2) Can you explain me meaning of some parameters, in particular --zoom
, --optimize-all-interval
and factor parameters? Will they help me improve accuracy of the localization network?
Yes, you can use the model from bartzi.de
, I suggest you start the training without initializing the recognition network with the pre-trained model, using the parameter --load-localization
. The most important part is the localization net, if you are starting with a good init there, you will also get good results on the recognition net. Later you should do some finetuning with all parts of the network initialized by the model. That means that you can change the recognition part the way you like and then train using an already trained localization net.
Lets talk about parameters:
--zoom
is a float in the range 0-1 and determines the zoom rate of the uninitialized localization network at the start of training (try to set it to 0.5
and 0.9
and have a look at the images in the bboxes
folder for the first iteration)--optimize-all-intervall
is a switch that was originally used to test whether it makes sense to run optimize the parameters of the recognition network more often than the parameters of the localization network (turns out, it doesn't help). So this is another parameter that I should delete :sweat_smile: other interesting parameters:
--send-bboxes
turns on sending of bbox images. You can use this switch in conjunction with the show_progress.py
script --area-factor
determines the strength of the area loss regularizer, you can play around with this and encourage the localization net to predict smaller bboxes--area-scale-factor
this factor is used to determine how the area loss factor is changing over time (if used by the loss metric), also a bit legacy, but could be useful--aspect-factor
as area factor the weighting factor for adding the aspect ratio loss regularization to the overall lossHope that helps =)
Thanks, you helped a lot! If you dont mind i have one else question. I'm new to Chainer and I do not understand how replace last classifier layer on the pretrained model, cause i use new charmap and my label_size
is now 57. I used the following code
with numpy.load('path-to-model') as f:
for key,value in f.items():
if str(key) == 'recognition_net/classifier/b' or str(key) == 'recognition_net/classifier/W':
print('{} - {}'.format(key, len(str(value))))

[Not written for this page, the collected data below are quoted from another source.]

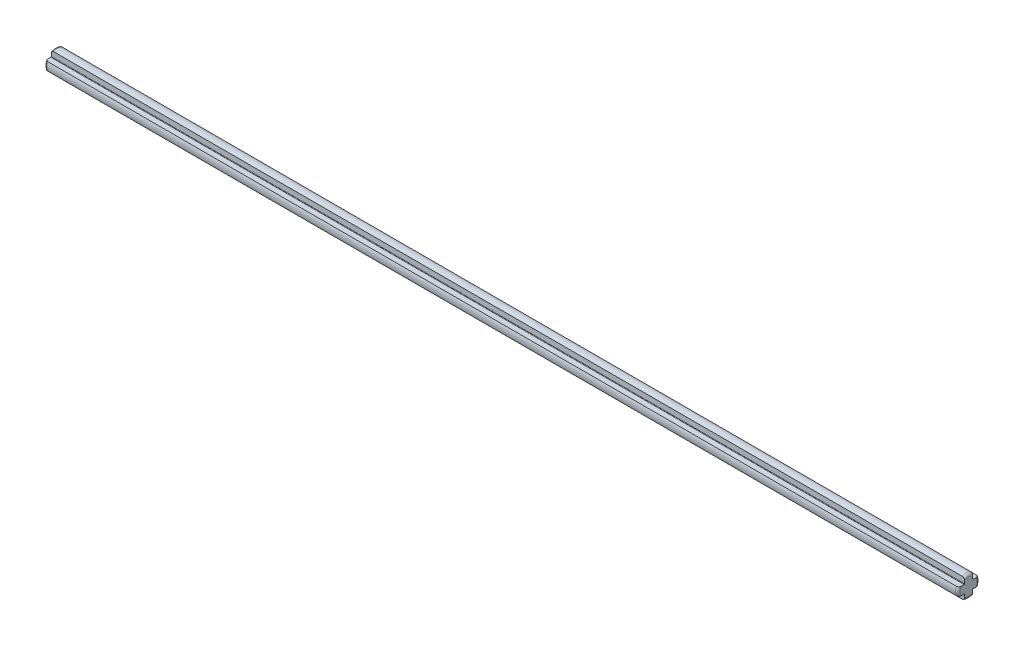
ISO-10303-21;
HEADER;
FILE_DESCRIPTION(('STEP AP214'),'2;1');
FILE_NAME('part.step','',(''),(''),'','','');
FILE_SCHEMA(('AUTOMOTIVE_DESIGN { 1 0 10303 214 1 1 1 1 }'));
ENDSEC;
DATA;
#1=APPLICATION_CONTEXT('core data for automotive mechanical design processes');
#2=APPLICATION_PROTOCOL_DEFINITION('international standard','automotive_design',2000,#1);
#3=PRODUCT_CONTEXT('',#1,'mechanical');
#4=PRODUCT('Part','Part','',(#3));
#5=PRODUCT_RELATED_PRODUCT_CATEGORY('part','',(#4));
#6=PRODUCT_DEFINITION_FORMATION('','',#4);
#7=PRODUCT_DEFINITION_CONTEXT('part definition',#1,'design');
#8=PRODUCT_DEFINITION('design','',#6,#7);
#9=PRODUCT_DEFINITION_SHAPE('','',#8);
#10=(LENGTH_UNIT() NAMED_UNIT(*) SI_UNIT(.MILLI.,.METRE.));
#11=(NAMED_UNIT(*) PLANE_ANGLE_UNIT() SI_UNIT($,.RADIAN.));
#12=(NAMED_UNIT(*) SI_UNIT($,.STERADIAN.) SOLID_ANGLE_UNIT());
#13=UNCERTAINTY_MEASURE_WITH_UNIT(LENGTH_MEASURE(1.E-05),#10,'distance_accuracy_value','');
#14=(GEOMETRIC_REPRESENTATION_CONTEXT(3) GLOBAL_UNCERTAINTY_ASSIGNED_CONTEXT((#13)) GLOBAL_UNIT_ASSIGNED_CONTEXT((#10,
#11,#12)) REPRESENTATION_CONTEXT('',''));
#15=CARTESIAN_POINT('',(0.,0.,0.));
#16=DIRECTION('',(0.,0.,1.));
#17=DIRECTION('',(1.,0.,0.));
#18=AXIS2_PLACEMENT_3D('',#15,#16,#17);
#19=CARTESIAN_POINT('',(100.,0.,0.));
#20=DIRECTION('',(-1.,0.,0.));
#21=DIRECTION('',(0.,0.,1.));
#22=AXIS2_PLACEMENT_3D('',#19,#20,#21);
#23=CYLINDRICAL_SURFACE('',#22,2.35);
#24=DIRECTION('',(-1.,0.,0.));
#25=VECTOR('',#24,1.);
#26=CARTESIAN_POINT('',(100.,0.9,2.17082933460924));
#27=LINE('',#26,#25);
#28=CARTESIAN_POINT('',(99.5,0.9,2.17082933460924));
#29=VERTEX_POINT('',#28);
#30=CARTESIAN_POINT('',(-99.5,0.9,2.17082933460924));
#31=VERTEX_POINT('',#30);
#32=EDGE_CURVE('E246',#29,#31,#27,.T.);
#33=ORIENTED_EDGE('',*,*,#32,.T.);
#34=CARTESIAN_POINT('',(-99.5,0.,0.));
#35=DIRECTION('',(1.,0.,0.));
#36=DIRECTION('',(0.,0.,-1.));
#37=AXIS2_PLACEMENT_3D('',#34,#35,#36);
#38=CIRCLE('',#37,2.35);
#39=CARTESIAN_POINT('',(-99.5,-0.900000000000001,2.17082933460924));
#40=VERTEX_POINT('',#39);
#41=EDGE_CURVE('E511',#31,#40,#38,.T.);
#42=ORIENTED_EDGE('',*,*,#41,.T.);
#43=DIRECTION('',(-1.,0.,0.));
#44=VECTOR('',#43,1.);
#45=CARTESIAN_POINT('',(100.,-0.900000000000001,2.17082933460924));
#46=LINE('',#45,#44);
#47=CARTESIAN_POINT('',(99.5,-0.900000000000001,2.17082933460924));
#48=VERTEX_POINT('',#47);
#49=EDGE_CURVE('E217',#48,#40,#46,.T.);
#50=ORIENTED_EDGE('',*,*,#49,.F.);
#51=CARTESIAN_POINT('',(99.5,0.,0.));
#52=DIRECTION('',(1.,0.,0.));
#53=DIRECTION('',(0.,0.,-1.));
#54=AXIS2_PLACEMENT_3D('',#51,#52,#53);
#55=CIRCLE('',#54,2.35);
#56=EDGE_CURVE('E366',#48,#29,#55,.F.);
#57=ORIENTED_EDGE('',*,*,#56,.T.);
#58=EDGE_LOOP('',(#33,#42,#50,#57));
#59=FACE_BOUND('',#58,.T.);
#60=ADVANCED_FACE('F33',(#59),#23,.T.);
#61=CARTESIAN_POINT('',(100.,-0.900000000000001,2.17082933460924));
#62=DIRECTION('',(0.,1.,0.));
#63=DIRECTION('',(0.,0.,1.));
#64=AXIS2_PLACEMENT_3D('',#61,#62,#63);
#65=PLANE('',#64);
#66=ORIENTED_EDGE('',*,*,#49,.T.);
#67=CARTESIAN_POINT('',(-99.5,-0.900000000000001,2.17082933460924));
#68=CARTESIAN_POINT('',(-99.5264833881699,-0.900000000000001,2.17085986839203));
#69=CARTESIAN_POINT('',(-99.5529498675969,-0.900000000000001,2.16855372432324));
#70=CARTESIAN_POINT('',(-99.6050453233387,-0.900000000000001,2.15950506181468));
#71=CARTESIAN_POINT('',(-99.6306762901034,-0.900000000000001,2.15277404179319));
#72=CARTESIAN_POINT('',(-99.6804387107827,-0.900000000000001,2.1351114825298));
#73=CARTESIAN_POINT('',(-99.7045703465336,-0.900000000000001,2.12418045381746));
#74=CARTESIAN_POINT('',(-99.7507251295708,-0.900000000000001,2.09852306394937));
#75=CARTESIAN_POINT('',(-99.7727475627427,-0.900000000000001,2.0837954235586));
#76=CARTESIAN_POINT('',(-99.8147234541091,-0.900000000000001,2.05060839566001));
#77=CARTESIAN_POINT('',(-99.8346070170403,-0.900000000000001,2.03206082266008));
#78=CARTESIAN_POINT('',(-99.8712243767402,-0.900000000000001,1.99209288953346));
#79=CARTESIAN_POINT('',(-99.8879579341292,-0.900000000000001,1.97067231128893));
#80=CARTESIAN_POINT('',(-99.9190973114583,-0.900000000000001,1.92396602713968));
#81=CARTESIAN_POINT('',(-99.9332527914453,-0.900000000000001,1.89851375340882));
#82=CARTESIAN_POINT('',(-99.9575247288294,-0.900000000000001,1.84573102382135));
#83=CARTESIAN_POINT('',(-99.9676367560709,-0.900000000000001,1.81839854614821));
#84=CARTESIAN_POINT('',(-99.9838866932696,-0.900000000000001,1.76219756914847));
#85=CARTESIAN_POINT('',(-99.9899702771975,-0.900000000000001,1.73331353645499));
#86=CARTESIAN_POINT('',(-99.9980270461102,-0.900000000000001,1.67505065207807));
#87=CARTESIAN_POINT('',(-100.000010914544,-0.900000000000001,1.64567328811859));
#88=CARTESIAN_POINT('',(-100.,-0.900000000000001,1.61632298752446));
#89=B_SPLINE_CURVE_WITH_KNOTS('',3,(#67,#68,#69,#70,#71,#72,#73,#74,#75,#76,#77,#78,#79,#80,#81,
#82,#83,#84,#85,#86,#87,#88),.UNSPECIFIED.,.F.,.F.,(4,2,2,2,2,2,2,2,2,2,4),(0.,
0.079323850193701,0.158442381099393,0.237551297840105,0.316686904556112,0.397909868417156,
0.479139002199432,0.566147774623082,0.653251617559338,0.741507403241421,0.829532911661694),.UNSPECIFIED.);
#90=CARTESIAN_POINT('',(-100.,-0.900000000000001,1.61632298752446));
#91=VERTEX_POINT('',#90);
#92=EDGE_CURVE('E386',#40,#91,#89,.T.);
#93=ORIENTED_EDGE('',*,*,#92,.T.);
#94=DIRECTION('',(0.,0.,-1.));
#95=VECTOR('',#94,1.);
#96=CARTESIAN_POINT('',(-100.,-0.900000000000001,2.17082933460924));
#97=LINE('',#96,#95);
#98=CARTESIAN_POINT('',(-100.,-0.900000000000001,0.999999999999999));
#99=VERTEX_POINT('',#98);
#100=EDGE_CURVE('E214',#91,#99,#97,.T.);
#101=ORIENTED_EDGE('',*,*,#100,.T.);
#102=DIRECTION('',(-1.,0.,0.));
#103=VECTOR('',#102,1.);
#104=CARTESIAN_POINT('',(100.,-0.900000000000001,0.999999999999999));
#105=LINE('',#104,#103);
#106=CARTESIAN_POINT('',(100.,-0.900000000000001,0.999999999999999));
#107=VERTEX_POINT('',#106);
#108=EDGE_CURVE('E210',#107,#99,#105,.T.);
#109=ORIENTED_EDGE('',*,*,#108,.F.);
#110=DIRECTION('',(0.,0.,-1.));
#111=VECTOR('',#110,1.);
#112=CARTESIAN_POINT('',(100.,-0.900000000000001,2.17082933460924));
#113=LINE('',#112,#111);
#114=CARTESIAN_POINT('',(100.,-0.900000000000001,1.61632298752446));
#115=VERTEX_POINT('',#114);
#116=EDGE_CURVE('E197',#115,#107,#113,.T.);
#117=ORIENTED_EDGE('',*,*,#116,.F.);
#118=CARTESIAN_POINT('',(100.,-0.900000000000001,1.61632298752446));
#119=CARTESIAN_POINT('',(100.000022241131,-0.900000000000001,1.65066661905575));
#120=CARTESIAN_POINT('',(99.9972983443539,-0.900000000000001,1.68506058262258));
#121=CARTESIAN_POINT('',(99.9862156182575,-0.900000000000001,1.75308687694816));
#122=CARTESIAN_POINT('',(99.9778303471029,-0.900000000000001,1.78671486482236));
#123=CARTESIAN_POINT('',(99.9552419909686,-0.900000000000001,1.85211366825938));
#124=CARTESIAN_POINT('',(99.9410195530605,-0.900000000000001,1.88387790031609));
#125=CARTESIAN_POINT('',(99.9069131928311,-0.900000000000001,1.94414749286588));
#126=CARTESIAN_POINT('',(99.8870416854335,-0.900000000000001,1.97265980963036));
#127=CARTESIAN_POINT('',(99.8442224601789,-0.900000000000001,2.02268935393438));
#128=CARTESIAN_POINT('',(99.8217526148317,-0.900000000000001,2.04461521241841));
#129=CARTESIAN_POINT('',(99.7730890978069,-0.900000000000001,2.08389547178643));
#130=CARTESIAN_POINT('',(99.7468952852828,-0.900000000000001,2.10124969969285));
#131=CARTESIAN_POINT('',(99.6943438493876,-0.900000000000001,2.12912089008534));
#132=CARTESIAN_POINT('',(99.6682509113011,-0.900000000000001,2.14013932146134));
#133=CARTESIAN_POINT('',(99.6145341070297,-0.900000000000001,2.15730052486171));
#134=CARTESIAN_POINT('',(99.586913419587,-0.900000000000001,2.1634530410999));
#135=CARTESIAN_POINT('',(99.5492135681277,-0.900000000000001,2.16830749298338));
#136=CARTESIAN_POINT('',(99.5393866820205,-0.900000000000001,2.1692533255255));
#137=CARTESIAN_POINT('',(99.5197081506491,-0.900000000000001,2.17051341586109));
#138=CARTESIAN_POINT('',(99.5098565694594,-0.900000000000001,2.17082867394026));
#139=CARTESIAN_POINT('',(99.5,-0.900000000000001,2.17082933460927));
#140=B_SPLINE_CURVE_WITH_KNOTS('',3,(#118,#119,#120,#121,#122,#123,#124,#125,#126,#127,#128,
#129,#130,#131,#132,#133,#134,#135,#136,#137,#138,#139),.UNSPECIFIED.,.F.,.F.,(4,2,2,2,2,2,2,2,
2,2,4),(0.,0.10300027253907,0.206484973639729,0.310315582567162,0.413919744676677,
0.507586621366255,0.601257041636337,0.68579977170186,0.770172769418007,0.799774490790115,
0.829329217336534),.UNSPECIFIED.);
#141=EDGE_CURVE('E516',#115,#48,#140,.T.);
#142=ORIENTED_EDGE('',*,*,#141,.T.);
#143=EDGE_LOOP('',(#66,#93,#101,#109,#117,#142));
#144=FACE_BOUND('',#143,.T.);
#145=ADVANCED_FACE('F212',(#144),#65,.F.);
#146=CARTESIAN_POINT('',(100.,-1.,0.999999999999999));
#147=DIRECTION('',(-1.,0.,0.));
#148=DIRECTION('',(0.,0.,1.));
#149=AXIS2_PLACEMENT_3D('',#146,#147,#148);
#150=CYLINDRICAL_SURFACE('',#149,0.0999999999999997);
#151=CARTESIAN_POINT('',(-100.,-1.,0.999999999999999));
#152=DIRECTION('',(-1.,0.,0.));
#153=DIRECTION('',(0.,0.,1.));
#154=AXIS2_PLACEMENT_3D('',#151,#152,#153);
#155=CIRCLE('',#154,0.0999999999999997);
#156=CARTESIAN_POINT('',(-100.,-1.,0.899999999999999));
#157=VERTEX_POINT('',#156);
#158=EDGE_CURVE('E248',#99,#157,#155,.T.);
#159=ORIENTED_EDGE('',*,*,#158,.T.);
#160=DIRECTION('',(-1.,0.,0.));
#161=VECTOR('',#160,1.);
#162=CARTESIAN_POINT('',(100.,-1.,0.899999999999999));
#163=LINE('',#162,#161);
#164=CARTESIAN_POINT('',(100.,-1.,0.899999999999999));
#165=VERTEX_POINT('',#164);
#166=EDGE_CURVE('E218',#165,#157,#163,.T.);
#167=ORIENTED_EDGE('',*,*,#166,.F.);
#168=CARTESIAN_POINT('',(100.,-1.,0.999999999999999));
#169=DIRECTION('',(-1.,0.,0.));
#170=DIRECTION('',(0.,0.,1.));
#171=AXIS2_PLACEMENT_3D('',#168,#169,#170);
#172=CIRCLE('',#171,0.0999999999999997);
#173=EDGE_CURVE('E203',#107,#165,#172,.T.);
#174=ORIENTED_EDGE('',*,*,#173,.F.);
#175=ORIENTED_EDGE('',*,*,#108,.T.);
#176=EDGE_LOOP('',(#159,#167,#174,#175));
#177=FACE_BOUND('',#176,.T.);
#178=ADVANCED_FACE('F220',(#177),#150,.F.);
#179=CARTESIAN_POINT('',(100.,-2.17082933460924,0.899999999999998));
#180=DIRECTION('',(0.,0.,-1.));
#181=DIRECTION('',(0.,1.,0.));
#182=AXIS2_PLACEMENT_3D('',#179,#180,#181);
#183=PLANE('',#182);
#184=DIRECTION('',(0.,-1.,0.));
#185=VECTOR('',#184,1.);
#186=CARTESIAN_POINT('',(-100.,-2.17082933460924,0.899999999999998));
#187=LINE('',#186,#185);
#188=CARTESIAN_POINT('',(-100.,-1.61632298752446,0.899999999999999));
#189=VERTEX_POINT('',#188);
#190=EDGE_CURVE('E250',#157,#189,#187,.T.);
#191=ORIENTED_EDGE('',*,*,#190,.T.);
#192=CARTESIAN_POINT('',(-100.,-1.61632298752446,0.899999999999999));
#193=CARTESIAN_POINT('',(-100.000022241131,-1.65066661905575,0.899999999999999));
#194=CARTESIAN_POINT('',(-99.9972983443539,-1.68506058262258,0.899999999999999));
#195=CARTESIAN_POINT('',(-99.9862156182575,-1.75308687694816,0.899999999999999));
#196=CARTESIAN_POINT('',(-99.9778303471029,-1.78671486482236,0.899999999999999));
#197=CARTESIAN_POINT('',(-99.9552419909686,-1.85211366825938,0.899999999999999));
#198=CARTESIAN_POINT('',(-99.9410195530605,-1.88387790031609,0.899999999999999));
#199=CARTESIAN_POINT('',(-99.9069131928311,-1.94414749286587,0.899999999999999));
#200=CARTESIAN_POINT('',(-99.8870416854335,-1.97265980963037,0.899999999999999));
#201=CARTESIAN_POINT('',(-99.844222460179,-2.02268935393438,0.899999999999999));
#202=CARTESIAN_POINT('',(-99.8217526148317,-2.0446152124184,0.899999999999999));
#203=CARTESIAN_POINT('',(-99.7730890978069,-2.08389547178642,0.899999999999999));
#204=CARTESIAN_POINT('',(-99.7468952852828,-2.10124969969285,0.899999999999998));
#205=CARTESIAN_POINT('',(-99.6943438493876,-2.12912089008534,0.899999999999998));
#206=CARTESIAN_POINT('',(-99.6682509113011,-2.14013932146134,0.899999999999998));
#207=CARTESIAN_POINT('',(-99.6145341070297,-2.15730052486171,0.899999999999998));
#208=CARTESIAN_POINT('',(-99.586913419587,-2.1634530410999,0.899999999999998));
#209=CARTESIAN_POINT('',(-99.5492135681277,-2.16830749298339,0.899999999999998));
#210=CARTESIAN_POINT('',(-99.5393866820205,-2.16925332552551,0.899999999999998));
#211=CARTESIAN_POINT('',(-99.5197081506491,-2.17051341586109,0.899999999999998));
#212=CARTESIAN_POINT('',(-99.5098565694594,-2.17082867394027,0.899999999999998));
#213=CARTESIAN_POINT('',(-99.5,-2.17082933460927,0.899999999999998));
#214=B_SPLINE_CURVE_WITH_KNOTS('',3,(#192,#193,#194,#195,#196,#197,#198,#199,#200,#201,#202,
#203,#204,#205,#206,#207,#208,#209,#210,#211,#212,#213),.UNSPECIFIED.,.F.,.F.,(4,2,2,2,2,2,2,2,
2,2,4),(0.,0.103000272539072,0.206484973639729,0.310315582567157,0.413919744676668,
0.507586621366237,0.601257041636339,0.685799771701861,0.770172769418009,0.79977449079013,
0.829329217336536),.UNSPECIFIED.);
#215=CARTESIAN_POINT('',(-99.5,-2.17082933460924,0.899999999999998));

to check the size of classifier layer and I expected to see 52 (default label_size
), but i got
recognition_net/classifier/b - 632
and recognition_net/classifier/W - 499
. How do I remove the last layer and what should be the new dimension for my case? Thanks =)
Looks alright so far, but there is an error in your code snippet:
with
print('{} - {}'.format(key, len(str(value))))
you are not printing the length of the array, but the length of the stringified version of the array, so if you are doing:
print('{} - {}'.format(key, len(value)))
you should get 52
as result for b
and also for W
:wink:
I encounter the same problem python train_text_recognition.py /home/dev2/see/datasets/vin/path.json /home/dev2/see/datasets/vin/logs --char-map ../datasets/fsns/fsns_char_map.json -b=64 -r ../datasets/model/model_190000.npz
btw : is this accuracy is tested on my new dataset? @Bartzi
@Bartzi Could somebody, please, provide a minimum example of flags to train text recognition on a new dataset and not get zero accuracies all the time? I am already tried various combinations and still do not get anything (despite the training loss decrease steadily, which is odd).
Yes I can give you an example:
python train_text_recognition.py <path to curriculum.json> -b 60 --blank-label 0 --char-map ../datasets/textrec/ctc_char_map.json --zoom 0.9 --area-factor 0.1 -lr 1e-4
and that should be it...
However, it might take some time until the accuracy goes up, although the loss is decreasing. It could also be that there is a bug in the accuracy calculation method.
Hi, I'm running the demo with pretrained model and following code
python train_text_recognition.py ../small_dataset/curriculum.json ./logs --char-map ../small_dataset/ctc_char_map.json -g=0 -b=64 --model ../model/model_190000.npz --epochs 5 -li 10 --use-serial-iterator -lr 0.000001 --lr-step 0
. Despite the small lr my accuracy is always 0, can anybody explain this to me?